Um dos animais que mais atrai atenção e curiosidade, por parte dos curiosos e dos homens de ciência, é o camaleão. Sua capacidade de mudar de cor como forma de adaptação ao ambiente e que também contribui para evitar o possível ataque de predadores é objeto de admiração. O camaleão é uma família de pequenos répteis escamosos, a família dos Chamaelonidae. Reúne 160 espécies reconhecidas, todas com características semelhantes. A maioria dessas espécies está concentrada na África, nas regiões localizadas ao sul do Saara. São animais que viajaram pela terra por quase 50 milhões de anos, durante o Paleoceno.

Camaleão

Morfologia do camaleão, suas características

Dentro das 160 espécies que compõem a família dos camaleões, há uma grande variedade de tamanhos. Uma das 2 subfamílias em que se divide a família dos camaleões, é conhecida como Brookesiano, composto por diferentes espécies de camaleões anões, que não excedem 3 centímetros de comprimento. A menor espécie são mínimos brookesianos Ele mal chega a meia polegada e meia.

Na subfamília dos camaleões típicos – cujo nome é o mesmo da família – encontramos o Calumna parsonii que mede cerca de 80 centímetros. Mas sejam as espécies grandes ou os espécimes muito pequenos, todos eles compartilham uma série de traços comuns.

Todas as espécies de camaleões têm pernas divididas em 2 dedos. Cada dedo é equipado com garras poderosas que permitem que o animal tenha grande tração para subir em árvores e rochas. As patas dianteiras têm 2 garras na parte externa e 3 na parte interna.
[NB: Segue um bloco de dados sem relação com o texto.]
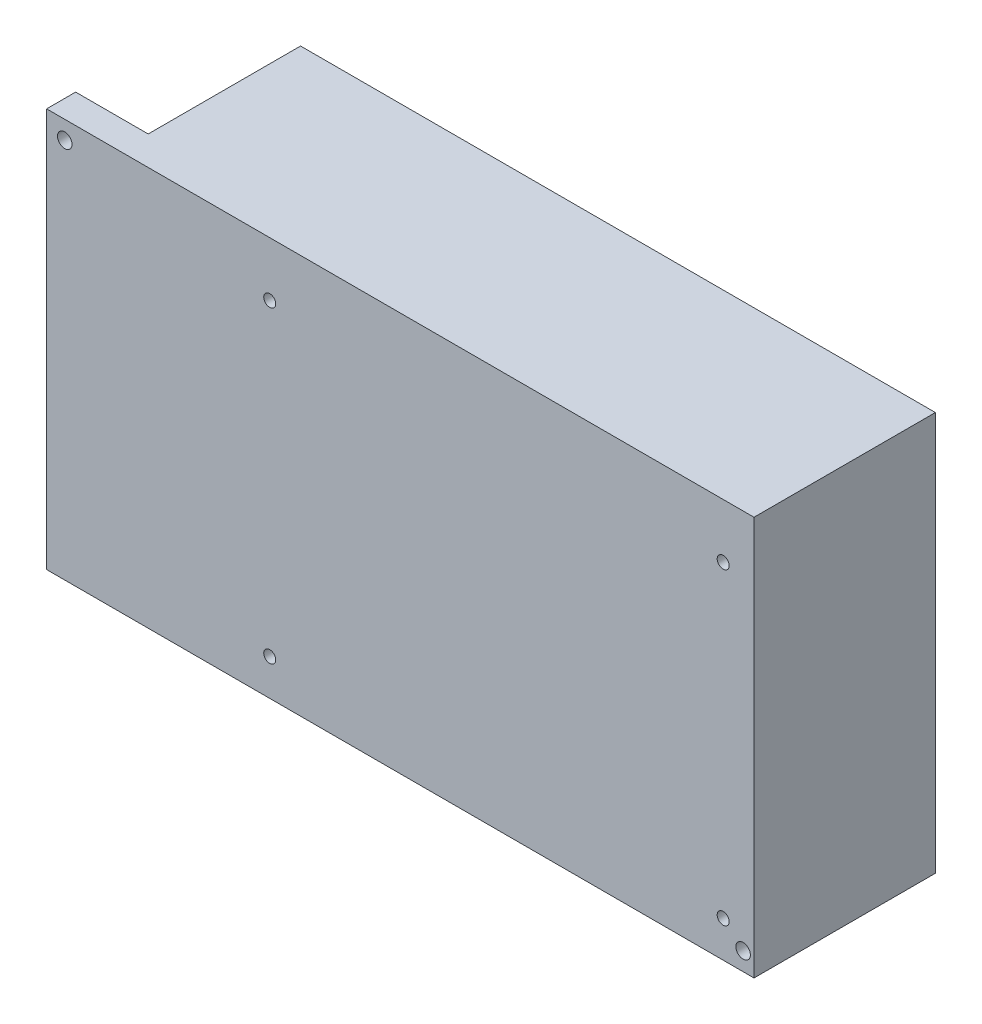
ISO-10303-21;
HEADER;
FILE_DESCRIPTION(('STEP AP214'),'2;1');
FILE_NAME('part.step','',(''),(''),'','','');
FILE_SCHEMA(('AUTOMOTIVE_DESIGN { 1 0 10303 214 1 1 1 1 }'));
ENDSEC;
DATA;
#1=APPLICATION_CONTEXT('core data for automotive mechanical design processes');
#2=APPLICATION_PROTOCOL_DEFINITION('international standard','automotive_design',2000,#1);
#3=PRODUCT_CONTEXT('',#1,'mechanical');
#4=PRODUCT('Part','Part','',(#3));
#5=PRODUCT_RELATED_PRODUCT_CATEGORY('part','',(#4));
#6=PRODUCT_DEFINITION_FORMATION('','',#4);
#7=PRODUCT_DEFINITION_CONTEXT('part definition',#1,'design');
#8=PRODUCT_DEFINITION('design','',#6,#7);
#9=PRODUCT_DEFINITION_SHAPE('','',#8);
#10=(LENGTH_UNIT() NAMED_UNIT(*) SI_UNIT(.MILLI.,.METRE.));
#11=(NAMED_UNIT(*) PLANE_ANGLE_UNIT() SI_UNIT($,.RADIAN.));
#12=(NAMED_UNIT(*) SI_UNIT($,.STERADIAN.) SOLID_ANGLE_UNIT());
#13=UNCERTAINTY_MEASURE_WITH_UNIT(LENGTH_MEASURE(1.E-05),#10,'distance_accuracy_value','');
#14=(GEOMETRIC_REPRESENTATION_CONTEXT(3) GLOBAL_UNCERTAINTY_ASSIGNED_CONTEXT((#13)) GLOBAL_UNIT_ASSIGNED_CONTEXT((#10,
#11,#12)) REPRESENTATION_CONTEXT('',''));
#15=CARTESIAN_POINT('',(0.,0.,0.));
#16=DIRECTION('',(0.,0.,1.));
#17=DIRECTION('',(1.,0.,0.));
#18=AXIS2_PLACEMENT_3D('',#15,#16,#17);
#19=CARTESIAN_POINT('',(0.,0.,50.));
#20=DIRECTION('',(1.,0.,0.));
#21=DIRECTION('',(0.,0.,-1.));
#22=AXIS2_PLACEMENT_3D('',#19,#20,#21);
#23=PLANE('',#22);
#24=DIRECTION('',(0.,0.,-1.));
#25=VECTOR('',#24,1.);
#26=CARTESIAN_POINT('',(0.,110.,50.));
#27=LINE('',#26,#25);
#28=CARTESIAN_POINT('',(0.,110.,50.));
#29=VERTEX_POINT('',#28);
#30=CARTESIAN_POINT('',(0.,110.,42.));
#31=VERTEX_POINT('',#30);
#32=EDGE_CURVE('E209',#29,#31,#27,.T.);
#33=ORIENTED_EDGE('',*,*,#32,.T.);
#34=DIRECTION('',(0.,1.,0.));
#35=VECTOR('',#34,1.);
#36=CARTESIAN_POINT('',(0.,110.,42.));
#37=LINE('',#36,#35);
#38=CARTESIAN_POINT('',(0.,0.,42.));
#39=VERTEX_POINT('',#38);
#40=EDGE_CURVE('E169',#39,#31,#37,.T.);
#41=ORIENTED_EDGE('',*,*,#40,.F.);
#42=DIRECTION('',(0.,0.,-1.));
#43=VECTOR('',#42,1.);
#44=CARTESIAN_POINT('',(0.,0.,50.));
#45=LINE('',#44,#43);
#46=CARTESIAN_POINT('',(0.,0.,50.));
#47=VERTEX_POINT('',#46);
#48=EDGE_CURVE('E11',#47,#39,#45,.T.);
#49=ORIENTED_EDGE('',*,*,#48,.F.);
#50=DIRECTION('',(0.,-1.,0.));
#51=VECTOR('',#50,1.);
#52=CARTESIAN_POINT('',(0.,0.,50.));
#53=LINE('',#52,#51);
#54=EDGE_CURVE('E199',#29,#47,#53,.T.);
#55=ORIENTED_EDGE('',*,*,#54,.F.);
#56=EDGE_LOOP('',(#33,#41,#49,#55));
#57=FACE_BOUND('',#56,.T.);
#58=ADVANCED_FACE('F46',(#57),#23,.F.);
#59=CARTESIAN_POINT('',(0.,0.,50.));
#60=DIRECTION('',(0.,1.,0.));
#61=DIRECTION('',(0.,0.,1.));
#62=AXIS2_PLACEMENT_3D('',#59,#60,#61);
#63=PLANE('',#62);
#64=ORIENTED_EDGE('',*,*,#48,.T.);
#65=DIRECTION('',(-1.,0.,0.));
#66=VECTOR('',#65,1.);
#67=CARTESIAN_POINT('',(20.,0.,42.));
#68=LINE('',#67,#66);
#69=CARTESIAN_POINT('',(20.,0.,42.));
#70=VERTEX_POINT('',#69);
#71=EDGE_CURVE('E182',#70,#39,#68,.T.);
#72=ORIENTED_EDGE('',*,*,#71,.F.);
#73=DIRECTION('',(0.,0.,1.));
#74=VECTOR('',#73,1.);
#75=CARTESIAN_POINT('',(20.,0.,42.));
#76=LINE('',#75,#74);
#77=CARTESIAN_POINT('',(20.,0.,0.));
#78=VERTEX_POINT('',#77);
#79=EDGE_CURVE('E177',#78,#70,#76,.T.);
#80=ORIENTED_EDGE('',*,*,#79,.F.);
#81=DIRECTION('',(1.,0.,0.));
#82=VECTOR('',#81,1.);
#83=CARTESIAN_POINT('',(0.,0.,0.));
#84=LINE('',#83,#82);
#85=CARTESIAN_POINT('',(195.,0.,0.));
#86=VERTEX_POINT('',#85);
#87=EDGE_CURVE('E190',#78,#86,#84,.T.);
#88=ORIENTED_EDGE('',*,*,#87,.T.);
#89=DIRECTION('',(0.,0.,-1.));
#90=VECTOR('',#89,1.);
#91=CARTESIAN_POINT('',(195.,0.,50.));
#92=LINE('',#91,#90);
#93=CARTESIAN_POINT('',(195.,0.,50.));
#94=VERTEX_POINT('',#93);
#95=EDGE_CURVE('E54',#94,#86,#92,.T.);
#96=ORIENTED_EDGE('',*,*,#95,.F.);
#97=DIRECTION('',(1.,0.,0.));
#98=VECTOR('',#97,1.);
#99=CARTESIAN_POINT('',(0.,0.,50.));
#100=LINE('',#99,#98);
#101=EDGE_CURVE('E95',#47,#94,#100,.T.);
#102=ORIENTED_EDGE('',*,*,#101,.F.);
#103=EDGE_LOOP('',(#64,#72,#80,#88,#96,#102));
#104=FACE_BOUND('',#103,.T.);
#105=ADVANCED_FACE('F249',(#104),#63,.F.);
#106=CARTESIAN_POINT('',(195.,0.,50.));
#107=DIRECTION('',(-1.,0.,0.));
#108=DIRECTION('',(0.,0.,1.));
#109=AXIS2_PLACEMENT_3D('',#106,#107,#108);
#110=PLANE('',#109);
#111=DIRECTION('',(0.,1.,0.));
#112=VECTOR('',#111,1.);
#113=CARTESIAN_POINT('',(195.,0.,0.));
#114=LINE('',#113,#112);
#115=CARTESIAN_POINT('',(195.,110.,0.));
#116=VERTEX_POINT('',#115);
#117=EDGE_CURVE('E88',#86,#116,#114,.T.);
#118=ORIENTED_EDGE('',*,*,#117,.T.);
#119=DIRECTION('',(0.,0.,-1.));
#120=VECTOR('',#119,1.);
#121=CARTESIAN_POINT('',(195.,110.,50.));
#122=LINE('',#121,#120);
#123=CARTESIAN_POINT('',(195.,110.,50.));
#124=VERTEX_POINT('',#123);
#125=EDGE_CURVE('E219',#124,#116,#122,.T.);
#126=ORIENTED_EDGE('',*,*,#125,.F.);
#127=DIRECTION('',(0.,1.,0.));
#128=VECTOR('',#127,1.);
#129=CARTESIAN_POINT('',(195.,0.,50.));
#130=LINE('',#129,#128);
#131=EDGE_CURVE('E204',#94,#124,#130,.T.);
#132=ORIENTED_EDGE('',*,*,#131,.F.);
#133=ORIENTED_EDGE('',*,*,#95,.T.);
#134=EDGE_LOOP('',(#118,#126,#132,#133));
#135=FACE_BOUND('',#134,.T.);
#136=ADVANCED_FACE('F223',(#135),#110,.F.);
#137=CARTESIAN_POINT('',(0.,110.,50.));
#138=DIRECTION('',(0.,-1.,0.));
#139=DIRECTION('',(0.,0.,-1.));
#140=AXIS2_PLACEMENT_3D('',#137,#138,#139);
#141=PLANE('',#140);
#142=DIRECTION('',(0.,0.,-1.));
#143=VECTOR('',#142,1.);
#144=CARTESIAN_POINT('',(20.,110.,42.));
#145=LINE('',#144,#143);
#146=CARTESIAN_POINT('',(20.,110.,42.));
#147=VERTEX_POINT('',#146);
#148=CARTESIAN_POINT('',(20.,110.,0.));
#149=VERTEX_POINT('',#148);
#150=EDGE_CURVE('E61',#147,#149,#145,.T.);
#151=ORIENTED_EDGE('',*,*,#150,.F.);
#152=DIRECTION('',(-1.,0.,0.));
#153=VECTOR('',#152,1.);
#154=CARTESIAN_POINT('',(20.,110.,42.));
#155=LINE('',#154,#153);
#156=EDGE_CURVE('E180',#147,#31,#155,.T.);
#157=ORIENTED_EDGE('',*,*,#156,.T.);
#158=ORIENTED_EDGE('',*,*,#32,.F.);
#159=DIRECTION('',(-1.,0.,0.));
#160=VECTOR('',#159,1.);
#161=CARTESIAN_POINT('',(0.,110.,50.));
#162=LINE('',#161,#160);
#163=EDGE_CURVE('E70',#124,#29,#162,.T.);
#164=ORIENTED_EDGE('',*,*,#163,.F.);
#165=ORIENTED_EDGE('',*,*,#125,.T.);
#166=DIRECTION('',(-1.,0.,0.));
#167=VECTOR('',#166,1.);
#168=CARTESIAN_POINT('',(0.,110.,0.));
#169=LINE('',#168,#167);
#170=EDGE_CURVE('E201',#116,#149,#169,.T.);
#171=ORIENTED_EDGE('',*,*,#170,.T.);
#172=EDGE_LOOP('',(#151,#157,#158,#164,#165,#171));
#173=FACE_BOUND('',#172,.T.);
#174=ADVANCED_FACE('F229',(#173),#141,.F.);
#175=CARTESIAN_POINT('',(0.,0.,50.));
#176=DIRECTION('',(0.,0.,-1.));
#177=DIRECTION('',(-1.,0.,0.));
#178=AXIS2_PLACEMENT_3D('',#175,#176,#177);
#179=PLANE('',#178);
#180=CARTESIAN_POINT('',(186.5,9.99999999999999,50.));
#181=DIRECTION('',(0.,0.,1.));
#182=DIRECTION('',(1.,0.,0.));
#183=AXIS2_PLACEMENT_3D('',#180,#181,#182);
#184=CIRCLE('',#183,1.64999999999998);
#185=CARTESIAN_POINT('',(188.15,9.99999999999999,50.));
#186=VERTEX_POINT('',#185);
#187=EDGE_CURVE('E139',#186,#186,#184,.T.);
#188=ORIENTED_EDGE('',*,*,#187,.F.);
#189=EDGE_LOOP('',(#188));
#190=FACE_BOUND('',#189,.T.);
#191=CARTESIAN_POINT('',(186.5,95.,50.));
#192=DIRECTION('',(0.,0.,1.));
#193=DIRECTION('',(1.,0.,0.));
#194=AXIS2_PLACEMENT_3D('',#191,#192,#193);
#195=CIRCLE('',#194,1.64999999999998);
#196=CARTESIAN_POINT('',(188.15,95.,50.));
#197=VERTEX_POINT('',#196);
#198=EDGE_CURVE('E138',#197,#197,#195,.T.);
#199=ORIENTED_EDGE('',*,*,#198,.F.);
#200=EDGE_LOOP('',(#199));
#201=FACE_BOUND('',#200,.T.);
#202=CARTESIAN_POINT('',(61.5,95.,50.));
#203=DIRECTION('',(0.,0.,1.));
#204=DIRECTION('',(1.,0.,0.));
#205=AXIS2_PLACEMENT_3D('',#202,#203,#204);
#206=CIRCLE('',#205,1.65);
#207=CARTESIAN_POINT('',(63.15,95.,50.));
#208=VERTEX_POINT('',#207);
#209=EDGE_CURVE('E154',#208,#208,#206,.T.);
#210=ORIENTED_EDGE('',*,*,#209,.F.);
#211=EDGE_LOOP('',(#210));
#212=FACE_BOUND('',#211,.T.);
#213=CARTESIAN_POINT('',(61.5,9.99999999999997,50.));
#214=DIRECTION('',(0.,0.,1.));
#215=DIRECTION('',(1.,0.,0.));
#216=AXIS2_PLACEMENT_3D('',#213,#214,#215);
#217=CIRCLE('',#216,1.65);
#218=CARTESIAN_POINT('',(63.15,9.99999999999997,50.));
#219=VERTEX_POINT('',#218);
#220=EDGE_CURVE('E162',#219,#219,#217,.T.);
#221=ORIENTED_EDGE('',*,*,#220,.F.);
#222=EDGE_LOOP('',(#221));
#223=FACE_BOUND('',#222,.T.);
#224=CARTESIAN_POINT('',(5.,105.,50.));
#225=DIRECTION('',(0.,0.,1.));
#226=DIRECTION('',(1.,0.,0.));
#227=AXIS2_PLACEMENT_3D('',#224,#225,#226);
#228=CIRCLE('',#227,2.);
#229=CARTESIAN_POINT('',(7.,105.,50.));
#230=VERTEX_POINT('',#229);
#231=EDGE_CURVE('E187',#230,#230,#228,.T.);
#232=ORIENTED_EDGE('',*,*,#231,.F.);
#233=EDGE_LOOP('',(#232));
#234=FACE_BOUND('',#233,.T.);
#235=CARTESIAN_POINT('',(192.,5.,50.));
#236=DIRECTION('',(0.,0.,1.));
#237=DIRECTION('',(1.,0.,0.));
#238=AXIS2_PLACEMENT_3D('',#235,#236,#237);
#239=CIRCLE('',#238,2.);
#240=CARTESIAN_POINT('',(194.,5.,50.));
#241=VERTEX_POINT('',#240);
#242=EDGE_CURVE('E195',#241,#241,#239,.T.);
#243=ORIENTED_EDGE('',*,*,#242,.F.);
#244=EDGE_LOOP('',(#243));
#245=FACE_BOUND('',#244,.T.);
#246=ORIENTED_EDGE('',*,*,#54,.T.);
#247=ORIENTED_EDGE('',*,*,#101,.T.);
#248=ORIENTED_EDGE('',*,*,#131,.T.);
#249=ORIENTED_EDGE('',*,*,#163,.T.);
#250=EDGE_LOOP('',(#246,#247,#248,#249));
#251=FACE_BOUND('',#250,.T.);
#252=ADVANCED_FACE('F234',(#190,#201,#212,#223,#234,#245,#251),#179,.F.);
#253=CARTESIAN_POINT('',(0.,0.,0.));
#254=DIRECTION('',(0.,0.,-1.));
#255=DIRECTION('',(-1.,0.,0.));
#256=AXIS2_PLACEMENT_3D('',#253,#254,#255);
#257=PLANE('',#256);
#258=DIRECTION('',(0.,-1.,0.));
#259=VECTOR('',#258,1.);
#260=CARTESIAN_POINT('',(20.,110.,0.));
#261=LINE('',#260,#259);
#262=EDGE_CURVE('E175',#149,#78,#261,.T.);
#263=ORIENTED_EDGE('',*,*,#262,.F.);
#264=ORIENTED_EDGE('',*,*,#170,.F.);
#265=ORIENTED_EDGE('',*,*,#117,.F.);
#266=ORIENTED_EDGE('',*,*,#87,.F.);
#267=EDGE_LOOP('',(#263,#264,#265,#266));
#268=FACE_BOUND('',#267,.T.);
#269=ADVANCED_FACE('F227',(#268),#257,.T.);
#270=CARTESIAN_POINT('',(192.,5.,40.));
#271=DIRECTION('',(0.,0.,1.));
#272=DIRECTION('',(1.,0.,0.));
#273=AXIS2_PLACEMENT_3D('',#270,#271,#272);
#274=CYLINDRICAL_SURFACE('',#273,2.);
#275=CARTESIAN_POINT('',(192.,5.,40.));
#276=DIRECTION('',(0.,0.,1.));
#277=DIRECTION('',(1.,0.,0.));
#278=AXIS2_PLACEMENT_3D('',#275,#276,#277);
#279=CIRCLE('',#278,2.);
#280=CARTESIAN_POINT('',(194.,5.,40.));
#281=VERTEX_POINT('',#280);
#282=EDGE_CURVE('E191',#281,#281,#279,.T.);
#283=ORIENTED_EDGE('',*,*,#282,.F.);
#284=EDGE_LOOP('',(#283));
#285=FACE_BOUND('',#284,.T.);
#286=ORIENTED_EDGE('',*,*,#242,.T.);
#287=EDGE_LOOP('',(#286));
#288=FACE_BOUND('',#287,.T.);
#289=ADVANCED_FACE('F242',(#285,#288),#274,.F.);
#290=CARTESIAN_POINT('',(192.,5.,40.));
#291=DIRECTION('',(0.,0.,1.));
#292=DIRECTION('',(1.,0.,0.));
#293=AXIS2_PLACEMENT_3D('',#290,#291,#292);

O que chama a atenção é que suas patas traseiras têm um arranjo oposto.

Muitas espécies têm saliências e outras características distintivas em suas cabeças, como chifres. Esses ornamentos, que às vezes são coloridos, geralmente são um mecanismo de defesa para afastar os invasores. Os camaleões têm um dimorfismo sexual acentuado, sendo as fêmeas menos visíveis que os machos.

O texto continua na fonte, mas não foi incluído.